To truly understand how the strength of selection impacts allele frequencies, we need to run multiple models with different values of fitness for our genotypes. Using the same parameters as above, run multiple models with the selection coefficient against aa varying between -1 and 0. Rather than visualizing each model separately, you can actually plot them in together using the add=TRUE argument.

#Define the fitness of each genotype. Unlike above, you want to vary the strength of selection, so we will define multiple fitness sets (one for each model you want to run)
fitness1 <- c(?)
fitness2 <- c(?)
fitness3 <- c(?)
fitness4 <- c(?)
fitness5 <- c(?)

#Define the starting allele frequency p0. This parameter will will be the same for all models, so you only need to define it once.
start.freq1 <- ?

#Define how many generations you want to simulate. This parameter will will be the same for all models, so you only need to define it once.
gen.time1 <- ?

#Model the allele changes for the different strengths of selection. You need to run one model for each fitness distribution you defined above. Note that you can plot all results in a single graph by adding "add=TRUE" starting at the second model. 
r1 <- selection(w=fitness1, time=gen.time1, p0=start.freq1)
r2 <- selection(w=fitness2, time=gen.time1, p0=start.freq1, add=TRUE, color = 'red')
r3 <- selection(w=fitness3, time=gen.time1, p0=start.freq1, add=TRUE, color = 'blue')
r4 <- selection(w=fitness4, time=gen.time1, p0=start.freq1, add=TRUE, color = 'green')
r5 <- selection(w=fitness5, time=gen.time1, p0=start.freq1, add=TRUE, color = 'purple')
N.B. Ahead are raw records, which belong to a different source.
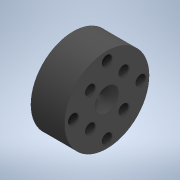
# Autodesk Inventor part: baseSoporte
Saved by Autodesk Inventor 2021.5 (Build 255421000, 421)
## iProperties
Created: 2024-11-19
Part Number: baseSoporte
Material: ABS NEGRO 4DLAB
Document SubType Name: Modeling
Designer: Joho_
Density: 0.894 g/cm^3
Appearance: Genérico(2)
Mass: 23.9494 g
Surface Area: 100.952 cm^2
Volume: 26.789 cm^3
Author: Joho_
## iProperties of the stored document _3DPrint.ipt
Created: 2024-11-25
Part Number: _3DPrint
Material: Genérico
Document SubType Name: Modeling
Designer: Joho_
Density: 1 g/cm^3
Appearance: Valor por defecto
Author: Joho_
Autodesk Inventor part; units mm, degrees
ref_plane "YZ Plane" through (0, 0, 0) normal (1, 0, 0) x (0, 1, 0)
sketch "Boceto2" plane through (0, 0, 0) normal (0, 0, 1) x (1, 0, 0)
  line L0 (0, 0) -> (-71.5, 0)
  line L1 (0, 10.9) -> (0, 0)
  line L2 (-68.2708, 0) -> (0, 0)
  line L3 (0, 10.9) -> (-68.1013, 9.2541)
  line L4 (-71.5, 0) -> (-56.9274, 0) construction
  line L5 (-71.5, 0) -> (-71.5, 8.5)
  line L6 (-71.5, 0) -> (-68, 0)
  arc A0 (-68, 9.2565) -> (-71.5, 8.5) centre (-67.8264, -0.0207) ccw
  line L7 (-68, 9.2565) -> (0, 10.9)
  line L8 (0, 0) -> (26.5, 0)
  line L9 (26.5, 0) -> (26.5, 7)
  line L10 (0, 0) -> (0, 9.9)
  line L11 (0, 0) -> (21, 0)
  line L12 (21, 0) -> (21, 9.5)
  line L13 (21, 9.5) -> (0, 9.9)
  line L14 (26.5, 0) -> (26.5, 8.5)
  arc A1 (26.5, 8.5) -> (21, 9.5) centre (21.692, -2.3188) ccw
  line L15 (26.5, 0) -> (29, 0)
  line L16 (29, 0) -> (29, 7)
  line L17 (29, 7) -> (26.5, 7)
  line L18 (29, 0) -> (29, 6.75)
  line L19 (29, 6.75) -> (31, 6.75)
  line L20 (31.8816, 0) -> (29, 0)
  line L21 (29, 0) -> (29, 6.75)
  line L22 (29, 6.75) -> (31, 6.75)
  line L23 (29, 0) -> (31, 0)
  ellipse E0 centre (31, 0) end of major axis (31, 6.75) minor radius 0.8816 (31.8816, 0) -> (31, 6.75) ccw
  line L24 (-71.5, 0) -> (-71.5, 7.25)
  line L25 (-71.5, 0) -> (-67, 0)
  line L26 (-71.5, 0) -> (-76, 0)
  line L27 (-76, 0) -> (-76, 6.75)
  line L28 (-76, 6.75) -> (-71.5, 7.25)
  line L29 (-76, 0) -> (-77, 0)
  line L30 (-77, 0) -> (-77, 6.5)
  line L31 (-77, 6.5) -> (-76, 6.75)
  line L32 (-77, 0) -> (-80.5, 0)
  line L33 (-80.5, 0) -> (-80.5, 4.15)
  line L34 (-80.5, 4.15) -> (-77, 6.5)
  line L35 (-80.5, 0) -> (-87.5, 0)
  line L36 (-87.5, 0) -> (-87.5, 4.15)
  line L37 (-87.5, 4.15) -> (-80.5, 4.15)
  line L38 (-80.5, 4.15) -> (-80.5, 0)
  line L39 (-87.5, 0) -> (-95, 0)
  line L40 (-95, 0) -> (-95, 0)
  line L41 (-92.25, 2.75) -> (-87.5, 2.75)
  line L42 (-87.5, 2.75) -> (-87.5, 0)
  arc A2 (-92.25, 2.75) -> (-95, 0) centre (-92.25, 0) ccw
  line L43 (-71.5, 8.5) -> (-71.5, 12.7399)
  arc A3 (-68.0867, 13.2556) -> (-71.5, 12.7399) centre (-67.8264, -0.0207) ccw
  line L44 (-68.0867, 13.2556) -> (-0.0966, 14.8988)
  line L45 (34.8792, 10.8985) -> (49.8792, 10.8985)
  line L46 (-71.5, 0) -> (-61.5, 0)
  line L47 (-61.5, 0) -> (-61.5, 13.4148)
  line L48 (-61.5, 14.4151) -> (-61.5, 20)
  line L49 (-61.5, 13.4148) -> (-61.5, 14.4151)
  line L50 (-61.5, 13.4148) -> (-58, 13.4148) construction
  circle A4 centre (-61.5, 13.4148) radius 1.5
  line L51 (-61.5, 13.4148) -> (-58.5, 13.4148)
  line L52 (-58.5, 13.4148) -> (-60, 10.8167)
  line L53 (-60, 10.8167) -> (-63, 10.8167)
  line L54 (-63, 10.8167) -> (-64.5, 13.4148)
  line L55 (-64.5, 13.4148) -> (-63, 16.0129)
  line L56 (-63, 16.0129) -> (-60, 16.0129)
  line L57 (-60, 16.0129) -> (-58.5, 13.4148)
  line L58 (-64.7321, 19.0129) -> (-67.9641, 13.4148)
  line L59 (-67.9641, 13.4148) -> (-64.7321, 7.8167)
  line L60 (-64.7321, 7.8167) -> (-58.2679, 7.8167)
  line L61 (-58.2679, 7.8167) -> (-55.0359, 13.4148)
  line L62 (-55.0359, 13.4148) -> (-58.2679, 19.0129)
  line L63 (-58.2679, 19.0129) -> (-64.7321, 19.0129)
  line L64 (-67.9641, 13.4148) -> (-55.0359, 13.4148)
  line L65 (49.8792, 0) -> (39.8792, 0)
  line L66 (-71.5, 0) -> (-10.8105, 0)
  line L67 (-10.8105, 0) -> (-10.8105, 14.6399)
  line L68 (-10.8105, 14.6399) -> (-10.8105, 27)
  circle A5 centre (-10.8105, 14.6399) radius 1.5
  line L69 (-10.8105, 14.6399) -> (-7.8105, 14.6399)
  line L70 (-10.8105, 14.6399) -> (-7.8105, 14.6399) construction
  line L71 (-7.8105, 14.6399) -> (-9.3105, 12.0418)
  line L72 (-9.3105, 12.0418) -> (-12.3105, 12.0418)
  line L73 (-12.3105, 12.0418) -> (-13.8105, 14.6399)
  line L74 (-13.8105, 14.6399) -> (-12.3105, 17.238)
  line L75 (-12.3105, 17.238) -> (-9.3105, 17.238)
  line L76 (-9.3105, 17.238) -> (-7.8105, 14.6399)
  line L77 (-14.0426, 20.238) -> (-17.2746, 14.6399)
  line L78 (-17.2746, 14.6399) -> (-14.0426, 9.0418)
  line L79 (-14.0426, 9.0418) -> (-7.5784, 9.0418)
  line L80 (-7.5784, 9.0418) -> (-4.3464, 14.6399)
  line L81 (-4.3464, 14.6399) -> (-7.5784, 20.238)
  line L82 (-7.5784, 20.238) -> (-14.0426, 20.238)
  line L83 (0, 10.9) -> (50, 10.9)
  line L84 (50, 10.9) -> (50, 14.9)
  line L85 (50, 14.9) -> (0, 14.9)
  line L86 (0, 14.9) -> (0, 10.9)
  line L87 (-0.0966, 14.8988) -> (0, 14.8988)
  line L88 (0, 0) -> (50, 0)
  line L89 (50, 0) -> (50, 10.9)
  line L90 (50, 10.9) -> (0, 10.9)
  line L91 (0, 10.9) -> (0, 0)
  point P0 (67.7333, -10.8479)
  point P1 (103.6012, -10.8479)
  point P2 (35.8517, 0)
  point P3 (7, 16)
  point P4 (-95, 2.75)
  dimension "d21" = 71.5
  dimension "d22" = 8.5
  dimension "d23" = 3.5
  dimension "d24" = 26.5
  dimension "d25" = 7
  dimension "d26" = 9.9
  dimension "d27" = 21
  dimension "d28" = 9.5
  dimension "d29" = 8.5
  dimension "d30" = 2.5
  dimension "d31" = 6.75
  dimension "d32" = 2
  dimension "d33" = 2
  dimension "d34" = 7.25
  dimension "d35" = 4.5
  dimension "d36" = 4.5
  dimension "d37" = 6.75
  dimension "d38" = 1
  dimension "d39" = 6.5
  dimension "d40" = 3.5
  dimension "d41" = 4.15
  dimension "d42" = 7
  dimension "d43" = 7.5
  dimension "d44" = 2.75
  dimension "d45" = 2.75
  dimension "d51" = 4
  dimension "d52" = 10
  dimension "d53" = 20
  dimension "d54" = 90
  dimension "d55" = 3
  dimension "d56" = 3
  dimension "d57" = 3
  dimension "d58" = 10
  dimension "d63" = 60.6895
  dimension "d64" = 3
  dimension "d65" = 3
  dimension "d66" = 0
  dimension "d67" = 3
  dimension "d89" = 50
  dimension "d90" = 4
  dimension "d91" = 121.5
  dimension "d92" = 50
  constraints: 184 end point, 19 horizontal, 17 point on line, 12 perpendicular, 10 coincident, 9 parallel, 9 point on circle, 6 centre point, 6 vertical, 2 collinear, 2 tangent, 40 other
  measures "d21" distance of L0.start L0.end
  measures "d22" distance of L0.end L5.end
  measures "d23" distance of L0.end L6.end
  measures "d24" distance of L0.start L8.end
  measures "d25" distance of L8.end L9.end
  measures "d26" distance of L0.start L10.end
  measures "d27" distance of L0.start L11.end
  measures "d28" distance of L11.end L12.end
  measures "d29" distance of L8.end L14.end
  measures "d30" distance of L8.end L15.end
  measures "d31" distance of L15.end L18.end
  measures "d32" distance of L18.end L19.end
  measures "d33" distance of L20.end L23.end
  measures "d34" distance of L0.end L24.end
  measures "d35" distance of L0.end L25.end
  measures "d36" distance of L0.end L26.end
  measures "d37" distance of L26.end L27.end
  measures "d38" distance of L26.end L29.end
  measures "d39" distance of L29.end L30.end
  measures "d40" distance of L29.end L32.end
  measures "d41" distance of L32.end L33.end
  measures "d42" distance of L36.end L37.end
  measures "d43" distance of point (-95, 2.75) L41.end
  measures "d44" distance of L39.end point (-95, 2.75)
  measures "d45" radius of A2
  measures "d51" radial gap between concentric circles of A0 A3
  measures "d52" distance of L0.end L46.end
  measures "d53" distance of L46.end L48.end
  measures "d54" angle of L47 L46
  measures "d55" diameter of A4
  measures "d56" distance of L51.start L51.end
  measures "d57" distance between parallel lines of L55 L58
  measures "d58" distance of L65.start L65.end
  measures "d63" distance of L0.end L66.end
  measures "d64" diameter of A5
  measures "d65" distance of L69.start L69.end
  measures "d66" distance between parallel lines of L69 L70
  measures "d67" distance between parallel lines of L74 L77
  measures "d89" distance of L85.end L84.end
  measures "d90" distance of L84.end L83.end
  measures "d91" distance between parallel lines of L84 L24
  measures "d92" distance between parallel lines of L86 L84
sketch "Boceto4" plane through (0, 0, 0) normal (1, 0, 0) x (0, 1, 0)
  line L0 (0, 0) -> (0, 20)
  circle A0 centre (20, 0) radius 3
  circle A1 centre (0, 20) radius 3
  circle A2 centre (-20, 0) radius 3
  circle A3 centre (0, 0) radius 12.5
  circle A4 centre (0, 0) radius 20
  circle A5 centre (0, 0) radius 20
  circle A6 centre (0, 0) radius 20
  circle A7 centre (0, 0) radius 25
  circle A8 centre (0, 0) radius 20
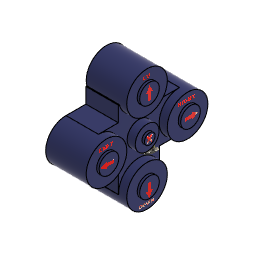
Grup4_Lab4_Palanca_Pruebas v2 (Autodesk Fusion 360 design; units mm, degrees)
Autodesk Fusion 360 part; units mm, degrees
sketch "Boceto1" plane through (0, 0, 0) normal (1, 0, 0) x (0, 1, 0)
  circle A0 centre (0, 25) radius 25
  circle A1 centre (50, -25) radius 25
  circle A2 centre (-50, -25) radius 25
  circle A3 centre (0, -75) radius 25
  line L0 (-50, 0) -> (-25, 0)
  line L1 (-25, 0) -> (-25, 20)
  line L2 (24.4949, 0) -> (50, 0)
  line L3 (24.4949, 0) -> (24.4949, 20)
  line L4 (-50, -50) -> (-25, -50)
  line L5 (-25, -50) -> (-25, -75)
  line L6 (25, -75) -> (25, -50)
  line L7 (25, -50) -> (50, -50)
  circle A4 centre (0.159, -23.7055) radius 14.6817
  constraint coincident A2 L0.start
  constraint tangent A2 L0
  constraint horizontal L0
  constraint perpendicular L0 L1
  constraint coincident A0 L3.end
  constraint coincident A1 L2.end
  constraint tangent A1 L2
  constraint coincident A2 L4.start
  constraint tangent A2 L4
  constraint perpendicular L3 L4
  constraint coincident A3 L5.end
  constraint tangent A3 L5
  constraint perpendicular L4 L5
  constraint coincident A3 L6.start
  constraint tangent A3 L6
  constraint perpendicular L4 L6
  constraint coincident A1 L7.end
  constraint tangent A1 L7
  constraint perpendicular L6 L7
extrude "Extruir1" add sketch "Boceto1" along normal blind 50 makes body 1 at (16.6667, 74.8758, -27.4892) makes body 2 at (16.6667, -25.1242, -27.4892) makes body 3 at (16.6667, 14.7677, -25.1673) makes body 4 at (16.6667, 24.8758, 22.5108) makes body 5 at (16.6667, 24.8758, -77.4892)
sketch "Boceto2" plane through (0, 0, 0) normal (1, 0, 0) x (0, 1, 0)
  line L0 (25.4022, 18.8165) -> (25.0259, 18.8165)
  line L1 (25.0259, -76.7712) -> (25.4022, -76.7712)
  line L2 (25.4022, -76.7712) -> (25.4022, 18.8165)
  line L3 (-25.4022, -76.7712) -> (25.4022, -76.7712)
  line L4 (25.4022, -76.7712) -> (25.4022, 18.8165)
  line L5 (25.4022, 18.8165) -> (-25.4022, 18.8165)
  line L6 (-25.4022, 18.8165) -> (-25.4022, -76.7712)
  line L7 (50, 0) -> (-50, 0)
  line L8 (-50, 0) -> (-50, -50)
  line L9 (-50, -50) -> (50, -50)
  line L10 (50, -50) -> (50, 0)
  constraint horizontal L0
  constraint horizontal L1
  constraint vertical L2
  constraint horizontal L3
  constraint vertical L4
  constraint horizontal L5
  constraint vertical L6
  constraint horizontal L7
  constraint vertical L8
  constraint horizontal L9
  constraint vertical L10
extrude "Extruir2" cut sketch "Boceto2" along normal blind 40 contours L2 L4 L7 L9 L10 bodies 1
extrude "Extruir3" add sketch "Boceto2" along normal blind 40 contours L2 L4 L7 L9 L10 bodies 1
extrude "Extruir4" cut sketch "Boceto2" along normal blind 40 contours L0 L2 L4 L5 L6 L7 bodies 4
extrude "Extruir5" add sketch "Boceto2" along normal blind 40 contours L0 L2 L4 L5 L6 L7 bodies 4
extrude "Extruir6" cut sketch "Boceto2" along normal blind 40 contours L1 L2 L3 L4 L6 L9 bodies 5
extrude "Extruir7" add sketch "Boceto2" along normal blind 40 contours L1 L2 L3 L4 L6 L9 bodies 5
extrude "Extruir8" cut sketch "Boceto2" along normal blind 40 contours L6 L7 L8 L9 bodies 2
extrude "Extruir9" add sketch "Boceto2" along normal blind 40 contours L6 L7 L8 L9 bodies 2 4 5
extrude "Extruir10" cut sketch "Boceto2" along normal blind 40 contours L2 L4 L6 L7 L9 bodies 1 2 3
extrude "Extruir11" add sketch "Boceto2" along normal blind 40 contours L2 L4 L6 L7 L9 bodies 1 2 3
sketch "Boceto3" plane through (0, 0, 0) normal (1, 0, 0) x (0, 1, 0)
sketch "Boceto8" plane through (50, 0, 0) normal (1, 0, 0) x (0, 1, 0)
  circle A0 centre (0, 25) radius 25
  circle A1 centre (0, 25) radius 12.084
  circle A2 centre (50.6241, -25.0998) radius 12.084
  circle A3 centre (0.316, -23.4452) radius 6.5624
  circle A4 centre (0, 25) radius 12.084
  circle A5 centre (-50, -25) radius 12.084
  circle A6 centre (0, -75) radius 12.084
  dimension "d31" = 24.168
  dimension "d48" = 24.168
  dimension "d49" = 24.168
  measures "d31" diameter of A2
  measures "d48" diameter of A5
  measures "d49" diameter of A6
extrude "Extruir12" add sketch "Boceto8" along normal blind 20 contours A1 A4 bodies 1
delete_face "SuprimirCaras2" 1 faces at (63.3333, 12.069, 24.3977) on bodies 1
extrude "Extruir13" add sketch "Boceto8" along normal blind 3 contours A1 A4 bodies 1
extrude "Extruir14" add sketch "Boceto8" along normal blind 3 contours A3 bodies 1
extrude "Extruir15" add sketch "Boceto8" along normal blind 3 contours A2 bodies 1
sketch "Boceto10" plane through (0, 0, 0) normal (1, 0, 0) x (0, 1, 0)
extrude "Extruir16" add sketch "Boceto8" along normal blind 3 contours A5 bodies 1
extrude "Extruir17" add sketch "Boceto8" along normal blind 3 contours A6 bodies 1
copy_body "Cuerpo - > Comp.1" bodies 1 removing the originals makes body 6 in component "Component"
sketch "Boceto11" plane through (0, 0, 0) normal (1, 0, 0) x (0, 1, 0)
sketch "Boceto12" plane through (0, 0, 0) normal (1, 0, 0) x (0, 1, 0)
component "Component" placed x (1, 0, 0) y (0, 1, 0) z (0, 0, 1) at (1.1259, 0.6556, -7.5271)
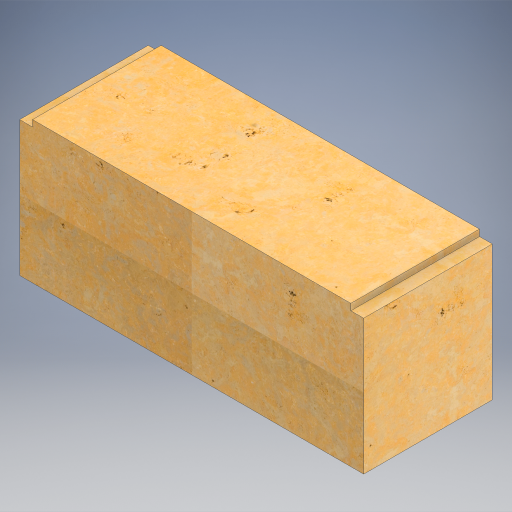
# Autodesk Inventor part: Seat block B
Saved by Autodesk Inventor 2023 (Build 270158030, 158C)
## iProperties
RuleStatus: InUse
Created: 2022-09-14
Part Number: Seat block B
Material: Granite, Cut, Polished
Document SubType Name: Modeling
Designer: awelt
Mass: 1.03776e+06 g
Surface Area: 34751 cm^2
Volume: 384357 cm^3
Density: 2.7 g/cm^3
Appearance: Amber Select
AfterDocSave0: Convert in3 volume to ft3
in3 to ft3: 0.01
TEST: 0.008
Author: awelt
Autodesk Inventor part; units mm, degrees
ref_plane "YZ Plane" through (0, 0, 0) normal (1, 0, 0) x (0, 1, 0)
ref_plane "XZ Plane" through (0, 0, 0) normal (0, 1, 0) x (-1, 0, 0)
ref_plane "XY Plane" through (0, 0, 0) normal (0, 0, 1) x (1, 0, 0)
sketch "Sketch1" plane through (0, 0, 0) normal (0, 0, 1) x (1, 0, 0)
  line L0 (0, 0) -> (1358.9, 0)
  line L1 (1358.9, 0) -> (1358.9, 533.4)
  line L2 (1358.9, 558.8) -> (1308.1, 558.8) construction
  line L3 (0, 558.8) -> (0, 533.4) construction
  line L4 (0, 533.4) -> (50.8, 533.4)
  line L5 (50.8, 533.4) -> (50.8, 558.8)
  line L6 (50.8, 558.8) -> (0, 558.8) construction
  line L7 (0, 533.4) -> (0, 0)
  line L8 (1358.9, 533.4) -> (1308.1, 533.4)
  line L9 (1308.1, 533.4) -> (1308.1, 558.8)
  line L10 (1308.1, 558.8) -> (50.8, 558.8)
  line L11 (1358.9, 533.4) -> (1358.9, 558.8) construction
  dimension "d0" = 1358.9
  dimension "d1" = 558.8
  dimension "d2" = 25.4
  dimension "d3" = 50.8
  dimension "d4" = 25.4
  dimension "d5" = 50.8
  constraints: 24 end point, 7 parallel, 6 perpendicular, 3 horizontal
  measures "d0" distance of L3.start L2.start
  measures "d1" distance of L2.start L0.end
  measures "d2" distance of L4.end L5.end
  measures "d3" distance of L3.end L4.end
  measures "d4" distance of L8.end L2.end
  measures "d5" distance of L1.end L8.end
extrude "Extrusion1" add sketch "Sketch1" along normal blind 508
sketch "Sketch2" plane through (0, 0, 0) normal (0, -1, 0) x (1, 0, 0)
  line L0 (0, 0) -> (0, 508) projected
  line L1 (0, 254) -> (1358.9, 254) construction
  line L2 (1358.9, 0) -> (1358.9, 508) construction
  circle A0 centre (228.6, 254) radius 12.7
  circle A1 centre (1130.3, 254) radius 12.7
  dimension "d8" = 25.4
  dimension "d9" = 25.4
  dimension "d10" = 228.6
  dimension "d11" = 228.6
  constraints: 2 centre point, 2 end point, 2 midpoint, 2 point on line
  measures "d8" diameter of A0
  measures "d9" diameter of A1
  measures "d10" distance from line of L0 A0.centre
  measures "d11" distance from line of A1.centre L2
extrude "Extrusion2" cut sketch "Sketch2" against normal blind 82.55
equation "\"d11\" = d10"
body "Solid1"
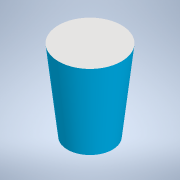
# Autodesk Inventor part: 杯子
Saved by Autodesk Inventor 2020 (Build 240168000, 168)
## iProperties
Created: 2023-03-07
Part Number: 杯子
Material: 一般
Document SubType Name: Modeling
Designer: robot
Density: 1 g/cm^3
Appearance: 預設
Mass: 256.825 g
Surface Area: 228.809 cm^2
Volume: 256.825 cm^3
Author: robot
Autodesk Inventor part; units mm, degrees
ref_plane "YZ Plane" through (0, 0, 0) normal (1, 0, 0) x (0, 1, 0)
ref_plane "XZ Plane" through (0, 0, 0) normal (0, 1, 0) x (-1, 0, 0)
ref_plane "XY Plane" through (0, 0, 0) normal (0, 0, 1) x (1, 0, 0)
sketch "草圖1" plane through (0, 0, 0) normal (0, 1, 0) x (-1, 0, 0)
  point P0 (0, 0)
sketch "草圖2" plane through (0, 0, 0) normal (0, 0, 1) x (1, 0, 0)
  line L0 (0, 0) -> (25, 0)
  line L1 (25, 0) -> (18.1781, 0)
  line L2 (0, 0) -> (0, 90)
  line L3 (0, 90) -> (35, 90)
  line L4 (35, 90) -> (25, 0)
  dimension "d0" = 25
  dimension "d1" = 90
  dimension "d2" = 35
  constraints: 10 end point, 2 horizontal, 1 point on line, 1 vertical
  measures "d0" distance of L0.start L0.end
  measures "d1" distance of L0.start L2.end
  measures "d2" distance of L2.end L3.end
revolve "迴轉1" add sketch "草圖2" angle 360 about axis through (0, 0, 0) along (0, 1, 0)
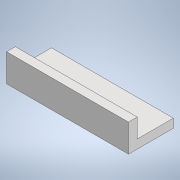
# Autodesk Inventor part: Part17
Saved by Autodesk Inventor 2022 (Build 260153000, 153)
## iProperties
Created: 2022-06-07
Part Number: Part17
Material: Generic
Document SubType Name: Modeling
Designer: tecware
Density: 1 g/cm^3
Appearance: Default
Author: tecware
Autodesk Inventor part; units mm, degrees
ref_plane "YZ Plane" through (0, 0, 0) normal (1, 0, 0) x (0, 1, 0)
ref_plane "XZ Plane" through (0, 0, 0) normal (0, 1, 0) x (-1, 0, 0)
ref_plane "XY Plane" through (0, 0, 0) normal (0, 0, 1) x (1, 0, 0)
sketch "Sketch1" plane through (0, 0, 0) normal (0, 0, 1) x (1, 0, 0)
  line L0 (2.2815, -0.606) -> (30.1037, -0.606)
  line L1 (30.1037, -0.606) -> (30.1037, -4.956)
  line L2 (30.1037, -4.956) -> (2.2815, -4.956)
  line L3 (2.2815, -4.956) -> (2.2815, -0.606)
  point P0 (0, 0)
  dimension "d1" = 4.35
  dimension "d2" = 27.8222
  constraints: 8 end point, 4 parallel, 1 perpendicular
  measures "d1" distance of L2.end L0.start
  measures "d2" distance of L0.start L0.end
extrude "Extrusion1" add sketch "Sketch1" along normal blind 2
sketch "Sketch2" plane through (0, 0, 0) normal (0, 0, -1) x (-1, 0, 0)
  line L0 (-2.2815, -4.956) -> (-30.1037, -4.956) projected
  line L1 (-30.1037, -4.956) -> (-30.1037, -0.606) projected
  line L2 (-2.2815, -4.956) -> (-30.1037, -4.956)
  line L3 (-30.1037, -4.956) -> (-30.1037, -2.956)
  line L4 (-30.1037, -2.956) -> (-2.2815, -2.956)
  line L5 (-2.2815, -2.956) -> (-2.2815, -4.956)
  point P0 (0, 0)
  dimension "d5" = 2
  constraints: 8 end point, 1 point on line
  measures "d5" distance of L2.end L3.end
extrude "Extrusion2" add sketch "Sketch2" along normal blind 17.6
chamfer "Chamfer1" distance 1 angle 45 1 edges at (16.1926, -2.956, -17.6)
body "Solid1"

Looking at the results of your models, how does varying the strength of selection affect changes in allele frequencies across generations?

Your answer goes here.


4.2. Selection on Dominant vs. Recessive phenotypes

Let’s examine what happens when the phenotype with higher fitness is dominant vs. recessive. First, set the starting frequency of the A allele to p0=0.01, and give the dominant phenotype a fitness advantage over the recessive phenotype (s against the recessive homozygotes is -0.2). Run the simulation for 1000 generations.

#Define the fitness of each genotype
fitness1 <- ?

#Define the starting allele frequency p0
start.freq1 <- ?

#Define how many generations you want to simulate
gen.time1 <- ?

#Model the allele changes and store the results in an object r1; note that the parameter t just signifies how many generations will be simulated
r1 <- selection(w=fitness1, time=gen.time1, p0=start.freq1)

#In this case, it may be useful to look at the actual numbers for p at the end of your simulation
r1.table <- data.frame(1:gen.time1, r1$p)
names(r1.table) <- c("Generation", "p")
tail(r1.table)

Now let’s examine the opposite scenario. Set the starting allele frequency p0=0.99 but this time give the recessive phenotype the fitness advantage over the dominant phenotype (same s as above). Run the simulation for 1000 generations.

#Define the fitness of each genotype
fitness2 <- ?

#Define the starting allele frequency p0
start.freq2 <- ?

#Define how many generations you want to simulate
gen.time2 <- ?

#Model the allele changes and store the results in an object r1; note that the parameter t just signifies how many generations will be simulated
r2 <- selection(w=fitness2, time=gen.time2, p0=start.freq2)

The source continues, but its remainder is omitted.